Top of RECORDS FOR THIS TASK
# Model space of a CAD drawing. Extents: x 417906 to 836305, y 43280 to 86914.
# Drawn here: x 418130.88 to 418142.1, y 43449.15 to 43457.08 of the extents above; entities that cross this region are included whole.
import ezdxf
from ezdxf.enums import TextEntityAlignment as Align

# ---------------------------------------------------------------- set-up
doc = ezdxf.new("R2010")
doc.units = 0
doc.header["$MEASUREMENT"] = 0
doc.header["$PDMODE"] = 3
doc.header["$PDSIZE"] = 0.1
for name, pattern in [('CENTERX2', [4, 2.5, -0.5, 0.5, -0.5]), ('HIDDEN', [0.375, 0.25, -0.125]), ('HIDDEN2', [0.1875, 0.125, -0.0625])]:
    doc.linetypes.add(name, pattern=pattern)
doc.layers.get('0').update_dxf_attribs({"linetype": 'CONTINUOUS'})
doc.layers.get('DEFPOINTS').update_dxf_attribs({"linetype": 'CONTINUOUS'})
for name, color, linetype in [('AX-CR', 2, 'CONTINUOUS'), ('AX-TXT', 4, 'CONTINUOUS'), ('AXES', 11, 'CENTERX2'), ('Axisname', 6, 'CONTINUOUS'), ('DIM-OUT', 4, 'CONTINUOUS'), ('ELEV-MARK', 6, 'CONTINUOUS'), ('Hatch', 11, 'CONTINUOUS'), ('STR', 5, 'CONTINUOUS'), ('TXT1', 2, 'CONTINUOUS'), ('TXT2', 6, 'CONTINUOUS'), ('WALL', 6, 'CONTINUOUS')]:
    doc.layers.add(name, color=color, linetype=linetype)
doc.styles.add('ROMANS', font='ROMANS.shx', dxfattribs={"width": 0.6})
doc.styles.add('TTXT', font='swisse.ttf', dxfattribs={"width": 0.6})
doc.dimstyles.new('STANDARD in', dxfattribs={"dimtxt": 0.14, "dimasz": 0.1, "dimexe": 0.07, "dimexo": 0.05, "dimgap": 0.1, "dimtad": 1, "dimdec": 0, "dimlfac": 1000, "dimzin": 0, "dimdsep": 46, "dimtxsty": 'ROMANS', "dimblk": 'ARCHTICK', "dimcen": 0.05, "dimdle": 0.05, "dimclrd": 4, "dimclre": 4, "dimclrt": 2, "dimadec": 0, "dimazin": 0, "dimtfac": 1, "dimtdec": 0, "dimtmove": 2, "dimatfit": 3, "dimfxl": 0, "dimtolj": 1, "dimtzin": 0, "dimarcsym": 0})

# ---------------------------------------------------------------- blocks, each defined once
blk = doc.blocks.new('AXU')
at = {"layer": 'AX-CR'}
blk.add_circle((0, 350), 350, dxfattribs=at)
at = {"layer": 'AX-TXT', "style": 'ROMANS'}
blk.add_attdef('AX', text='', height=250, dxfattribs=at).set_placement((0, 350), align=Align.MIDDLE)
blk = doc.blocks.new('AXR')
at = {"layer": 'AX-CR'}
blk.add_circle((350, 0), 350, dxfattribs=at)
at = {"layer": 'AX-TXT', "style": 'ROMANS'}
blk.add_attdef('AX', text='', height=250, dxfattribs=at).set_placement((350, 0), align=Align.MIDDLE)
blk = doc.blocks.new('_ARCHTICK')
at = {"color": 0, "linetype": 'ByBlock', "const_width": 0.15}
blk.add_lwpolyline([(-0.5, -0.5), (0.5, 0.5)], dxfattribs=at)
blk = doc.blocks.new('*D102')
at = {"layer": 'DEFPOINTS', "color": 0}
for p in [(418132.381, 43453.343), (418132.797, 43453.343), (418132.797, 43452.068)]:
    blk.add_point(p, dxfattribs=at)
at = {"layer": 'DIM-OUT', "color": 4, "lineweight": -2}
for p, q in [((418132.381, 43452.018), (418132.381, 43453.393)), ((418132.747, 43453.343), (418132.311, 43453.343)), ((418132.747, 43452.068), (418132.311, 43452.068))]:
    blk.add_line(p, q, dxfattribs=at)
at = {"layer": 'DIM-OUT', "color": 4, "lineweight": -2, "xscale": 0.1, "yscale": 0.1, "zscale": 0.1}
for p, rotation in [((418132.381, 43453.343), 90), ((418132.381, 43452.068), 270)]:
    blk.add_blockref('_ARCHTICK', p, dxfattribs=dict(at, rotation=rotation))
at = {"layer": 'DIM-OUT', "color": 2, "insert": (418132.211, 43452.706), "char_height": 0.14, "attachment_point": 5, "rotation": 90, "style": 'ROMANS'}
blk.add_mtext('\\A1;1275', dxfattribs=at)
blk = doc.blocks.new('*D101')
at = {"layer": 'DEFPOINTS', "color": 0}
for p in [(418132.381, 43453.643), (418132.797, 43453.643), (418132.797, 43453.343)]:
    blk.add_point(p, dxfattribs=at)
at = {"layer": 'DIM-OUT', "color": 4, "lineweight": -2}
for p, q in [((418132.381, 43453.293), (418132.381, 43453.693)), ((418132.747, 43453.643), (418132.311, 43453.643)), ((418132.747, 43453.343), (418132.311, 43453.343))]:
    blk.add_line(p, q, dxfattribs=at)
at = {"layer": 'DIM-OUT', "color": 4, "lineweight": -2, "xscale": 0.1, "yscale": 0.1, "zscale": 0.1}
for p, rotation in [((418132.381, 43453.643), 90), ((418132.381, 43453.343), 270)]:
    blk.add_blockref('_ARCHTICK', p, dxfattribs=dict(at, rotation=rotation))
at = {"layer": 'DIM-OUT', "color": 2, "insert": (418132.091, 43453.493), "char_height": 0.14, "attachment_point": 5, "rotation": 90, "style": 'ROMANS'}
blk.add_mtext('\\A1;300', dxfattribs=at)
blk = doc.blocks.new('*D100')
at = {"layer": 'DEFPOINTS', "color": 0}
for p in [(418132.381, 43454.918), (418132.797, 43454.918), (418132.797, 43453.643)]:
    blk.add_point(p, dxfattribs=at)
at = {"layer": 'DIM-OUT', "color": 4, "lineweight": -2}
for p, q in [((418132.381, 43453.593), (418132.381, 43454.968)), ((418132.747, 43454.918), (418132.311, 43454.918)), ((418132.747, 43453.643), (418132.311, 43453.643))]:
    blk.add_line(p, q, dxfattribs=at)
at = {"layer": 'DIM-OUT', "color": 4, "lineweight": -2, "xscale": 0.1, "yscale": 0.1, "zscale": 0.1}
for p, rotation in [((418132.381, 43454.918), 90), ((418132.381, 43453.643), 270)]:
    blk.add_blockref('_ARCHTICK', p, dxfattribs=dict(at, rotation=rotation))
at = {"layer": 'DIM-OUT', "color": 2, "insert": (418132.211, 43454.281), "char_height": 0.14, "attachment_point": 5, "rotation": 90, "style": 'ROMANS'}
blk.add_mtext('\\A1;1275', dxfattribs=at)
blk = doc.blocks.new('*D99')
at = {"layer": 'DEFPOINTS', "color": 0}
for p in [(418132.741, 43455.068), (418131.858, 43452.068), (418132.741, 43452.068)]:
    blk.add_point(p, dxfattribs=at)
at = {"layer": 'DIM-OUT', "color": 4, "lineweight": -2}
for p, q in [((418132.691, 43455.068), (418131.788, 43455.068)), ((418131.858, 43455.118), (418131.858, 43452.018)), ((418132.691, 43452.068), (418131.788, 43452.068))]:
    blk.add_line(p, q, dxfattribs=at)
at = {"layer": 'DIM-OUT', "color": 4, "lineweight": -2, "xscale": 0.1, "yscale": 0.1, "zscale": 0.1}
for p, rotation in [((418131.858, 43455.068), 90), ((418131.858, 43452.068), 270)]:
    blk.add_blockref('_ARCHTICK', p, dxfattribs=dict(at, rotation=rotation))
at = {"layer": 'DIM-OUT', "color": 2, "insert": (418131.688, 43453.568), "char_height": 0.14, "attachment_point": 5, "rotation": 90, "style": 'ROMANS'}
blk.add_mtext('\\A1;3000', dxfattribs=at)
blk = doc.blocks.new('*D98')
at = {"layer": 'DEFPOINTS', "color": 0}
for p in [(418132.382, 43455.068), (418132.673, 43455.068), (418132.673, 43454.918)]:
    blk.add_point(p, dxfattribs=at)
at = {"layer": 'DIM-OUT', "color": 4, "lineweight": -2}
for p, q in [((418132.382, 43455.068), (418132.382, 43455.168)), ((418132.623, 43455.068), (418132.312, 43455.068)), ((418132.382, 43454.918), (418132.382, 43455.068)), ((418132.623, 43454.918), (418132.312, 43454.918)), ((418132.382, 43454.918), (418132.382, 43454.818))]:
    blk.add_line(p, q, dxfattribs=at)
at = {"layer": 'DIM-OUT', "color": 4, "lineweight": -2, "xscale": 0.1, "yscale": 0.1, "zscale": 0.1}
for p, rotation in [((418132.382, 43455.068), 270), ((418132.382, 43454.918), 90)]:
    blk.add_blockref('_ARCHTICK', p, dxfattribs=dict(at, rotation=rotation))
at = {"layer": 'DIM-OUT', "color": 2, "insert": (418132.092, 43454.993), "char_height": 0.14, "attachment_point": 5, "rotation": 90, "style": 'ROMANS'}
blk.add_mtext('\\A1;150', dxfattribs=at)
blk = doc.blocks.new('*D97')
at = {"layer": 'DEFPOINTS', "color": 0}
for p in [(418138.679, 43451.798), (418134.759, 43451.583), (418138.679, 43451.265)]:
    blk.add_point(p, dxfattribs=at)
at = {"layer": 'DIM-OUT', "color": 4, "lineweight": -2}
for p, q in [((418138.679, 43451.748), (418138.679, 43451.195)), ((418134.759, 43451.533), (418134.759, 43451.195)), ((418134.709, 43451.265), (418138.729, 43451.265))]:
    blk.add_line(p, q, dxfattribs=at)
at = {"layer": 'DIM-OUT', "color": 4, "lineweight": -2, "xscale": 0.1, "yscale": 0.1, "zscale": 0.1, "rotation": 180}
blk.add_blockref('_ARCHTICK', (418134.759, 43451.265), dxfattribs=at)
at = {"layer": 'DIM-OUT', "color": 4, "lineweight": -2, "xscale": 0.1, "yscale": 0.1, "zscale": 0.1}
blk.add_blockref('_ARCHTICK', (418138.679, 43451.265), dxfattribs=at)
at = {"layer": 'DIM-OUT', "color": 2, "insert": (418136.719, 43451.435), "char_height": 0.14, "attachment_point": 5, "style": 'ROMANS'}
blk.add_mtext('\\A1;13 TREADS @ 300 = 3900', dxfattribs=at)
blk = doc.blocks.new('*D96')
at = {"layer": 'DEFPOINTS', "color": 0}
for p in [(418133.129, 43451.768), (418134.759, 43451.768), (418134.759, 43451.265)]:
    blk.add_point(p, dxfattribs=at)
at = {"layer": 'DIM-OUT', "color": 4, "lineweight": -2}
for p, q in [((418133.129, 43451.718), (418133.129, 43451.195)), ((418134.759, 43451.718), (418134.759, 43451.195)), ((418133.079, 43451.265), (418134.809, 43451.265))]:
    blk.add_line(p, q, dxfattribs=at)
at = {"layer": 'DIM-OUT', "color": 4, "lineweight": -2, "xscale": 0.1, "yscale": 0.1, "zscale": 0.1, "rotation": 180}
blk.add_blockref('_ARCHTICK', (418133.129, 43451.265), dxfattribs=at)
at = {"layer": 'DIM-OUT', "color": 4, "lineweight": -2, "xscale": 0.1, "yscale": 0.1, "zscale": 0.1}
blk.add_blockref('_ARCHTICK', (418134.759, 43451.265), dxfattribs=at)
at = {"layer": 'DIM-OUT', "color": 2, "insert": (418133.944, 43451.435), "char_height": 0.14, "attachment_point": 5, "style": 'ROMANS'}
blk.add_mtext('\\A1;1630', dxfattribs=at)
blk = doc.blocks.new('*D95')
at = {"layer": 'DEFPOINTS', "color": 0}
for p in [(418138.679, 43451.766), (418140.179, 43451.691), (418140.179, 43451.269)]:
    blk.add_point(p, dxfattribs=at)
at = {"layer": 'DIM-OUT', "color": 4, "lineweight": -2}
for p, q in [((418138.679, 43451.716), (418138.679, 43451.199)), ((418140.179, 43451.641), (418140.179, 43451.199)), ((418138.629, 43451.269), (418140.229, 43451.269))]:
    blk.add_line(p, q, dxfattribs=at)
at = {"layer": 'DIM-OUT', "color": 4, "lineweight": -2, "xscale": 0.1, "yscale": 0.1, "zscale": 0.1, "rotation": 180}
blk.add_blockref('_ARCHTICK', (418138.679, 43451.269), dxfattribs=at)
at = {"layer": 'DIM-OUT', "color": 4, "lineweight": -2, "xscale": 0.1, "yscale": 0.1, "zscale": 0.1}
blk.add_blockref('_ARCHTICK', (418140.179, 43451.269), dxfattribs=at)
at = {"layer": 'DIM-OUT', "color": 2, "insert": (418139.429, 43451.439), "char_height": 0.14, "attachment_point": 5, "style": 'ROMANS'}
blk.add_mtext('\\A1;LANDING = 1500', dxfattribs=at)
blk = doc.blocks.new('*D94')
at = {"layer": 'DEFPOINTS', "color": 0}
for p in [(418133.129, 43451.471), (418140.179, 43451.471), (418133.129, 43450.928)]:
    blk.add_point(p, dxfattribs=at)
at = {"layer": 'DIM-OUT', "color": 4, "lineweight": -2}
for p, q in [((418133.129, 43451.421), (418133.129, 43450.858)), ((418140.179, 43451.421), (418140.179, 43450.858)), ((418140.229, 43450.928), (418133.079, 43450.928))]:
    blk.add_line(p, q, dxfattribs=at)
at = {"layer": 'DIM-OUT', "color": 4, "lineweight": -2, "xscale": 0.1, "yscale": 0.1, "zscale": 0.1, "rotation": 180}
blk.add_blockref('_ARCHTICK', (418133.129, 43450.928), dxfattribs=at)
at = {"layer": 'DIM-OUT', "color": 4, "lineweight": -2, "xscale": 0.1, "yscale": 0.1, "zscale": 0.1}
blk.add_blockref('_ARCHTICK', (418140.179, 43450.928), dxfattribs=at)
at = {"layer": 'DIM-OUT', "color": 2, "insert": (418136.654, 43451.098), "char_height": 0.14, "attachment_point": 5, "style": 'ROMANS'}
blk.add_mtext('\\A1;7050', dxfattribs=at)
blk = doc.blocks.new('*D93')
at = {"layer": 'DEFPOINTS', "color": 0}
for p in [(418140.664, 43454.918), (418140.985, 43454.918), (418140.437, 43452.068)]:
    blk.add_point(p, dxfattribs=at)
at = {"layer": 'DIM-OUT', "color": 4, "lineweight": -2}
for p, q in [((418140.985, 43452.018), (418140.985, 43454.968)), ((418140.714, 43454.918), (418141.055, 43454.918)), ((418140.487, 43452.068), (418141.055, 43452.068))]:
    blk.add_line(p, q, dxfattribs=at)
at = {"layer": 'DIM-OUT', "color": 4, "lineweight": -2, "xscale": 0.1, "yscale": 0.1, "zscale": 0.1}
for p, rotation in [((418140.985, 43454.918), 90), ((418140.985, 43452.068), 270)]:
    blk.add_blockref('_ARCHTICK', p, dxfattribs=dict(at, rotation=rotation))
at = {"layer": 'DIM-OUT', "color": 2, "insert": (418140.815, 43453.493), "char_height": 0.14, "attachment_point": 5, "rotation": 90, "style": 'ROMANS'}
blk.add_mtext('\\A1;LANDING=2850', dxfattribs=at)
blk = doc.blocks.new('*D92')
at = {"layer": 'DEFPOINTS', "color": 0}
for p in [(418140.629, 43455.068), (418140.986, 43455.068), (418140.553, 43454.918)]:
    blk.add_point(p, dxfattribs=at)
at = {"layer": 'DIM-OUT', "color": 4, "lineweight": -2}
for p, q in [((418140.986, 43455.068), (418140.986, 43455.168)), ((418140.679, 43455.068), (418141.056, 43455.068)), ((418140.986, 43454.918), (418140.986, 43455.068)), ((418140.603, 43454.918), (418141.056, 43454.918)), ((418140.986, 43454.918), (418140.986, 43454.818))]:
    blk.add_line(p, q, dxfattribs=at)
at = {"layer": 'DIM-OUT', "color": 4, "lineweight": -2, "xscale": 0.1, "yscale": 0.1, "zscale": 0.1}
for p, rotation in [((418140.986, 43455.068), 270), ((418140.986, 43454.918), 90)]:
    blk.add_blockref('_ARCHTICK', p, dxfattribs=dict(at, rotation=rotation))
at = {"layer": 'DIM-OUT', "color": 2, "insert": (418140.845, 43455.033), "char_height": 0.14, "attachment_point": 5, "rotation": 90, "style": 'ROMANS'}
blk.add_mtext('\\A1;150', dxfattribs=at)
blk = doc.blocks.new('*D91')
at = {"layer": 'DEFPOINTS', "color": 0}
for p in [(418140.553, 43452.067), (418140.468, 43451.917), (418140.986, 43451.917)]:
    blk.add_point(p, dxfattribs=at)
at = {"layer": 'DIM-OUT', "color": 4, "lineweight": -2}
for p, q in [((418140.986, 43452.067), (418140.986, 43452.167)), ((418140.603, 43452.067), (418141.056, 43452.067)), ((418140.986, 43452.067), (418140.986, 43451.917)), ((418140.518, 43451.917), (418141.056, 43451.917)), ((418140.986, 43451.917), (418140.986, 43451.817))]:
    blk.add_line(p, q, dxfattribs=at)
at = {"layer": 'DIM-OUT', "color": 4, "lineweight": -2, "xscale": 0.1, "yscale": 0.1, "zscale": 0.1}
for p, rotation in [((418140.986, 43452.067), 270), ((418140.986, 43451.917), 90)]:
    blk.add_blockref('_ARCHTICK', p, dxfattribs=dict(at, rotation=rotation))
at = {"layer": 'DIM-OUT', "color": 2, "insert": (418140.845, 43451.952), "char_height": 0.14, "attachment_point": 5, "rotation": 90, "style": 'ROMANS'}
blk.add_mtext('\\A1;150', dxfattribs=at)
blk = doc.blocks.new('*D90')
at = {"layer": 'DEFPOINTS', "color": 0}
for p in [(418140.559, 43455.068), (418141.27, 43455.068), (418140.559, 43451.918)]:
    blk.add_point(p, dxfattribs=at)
Bottom of RECORDS FOR THIS TASK
Set down exactly the lines of the data above, beginning with the line that has "blk = doc.blocks.new('*D95')" and ending with the line that has "(418138.679, 43451.269), dxfattribs=at)", and no others.

SOLUTION TO THE PROBLEM »
blk = doc.blocks.new('*D95')
at = {"layer": 'DEFPOINTS', "color": 0}
for p in [(418138.679, 43451.766), (418140.179, 43451.691), (418140.179, 43451.269)]:
    blk.add_point(p, dxfattribs=at)
at = {"layer": 'DIM-OUT', "color": 4, "lineweight": -2}
for p, q in [((418138.679, 43451.716), (418138.679, 43451.199)), ((418140.179, 43451.641), (418140.179, 43451.199)), ((418138.629, 43451.269), (418140.229, 43451.269))]:
    blk.add_line(p, q, dxfattribs=at)
at = {"layer": 'DIM-OUT', "color": 4, "lineweight": -2, "xscale": 0.1, "yscale": 0.1, "zscale": 0.1, "rotation": 180}
blk.add_blockref('_ARCHTICK', (418138.679, 43451.269), dxfattribs=at)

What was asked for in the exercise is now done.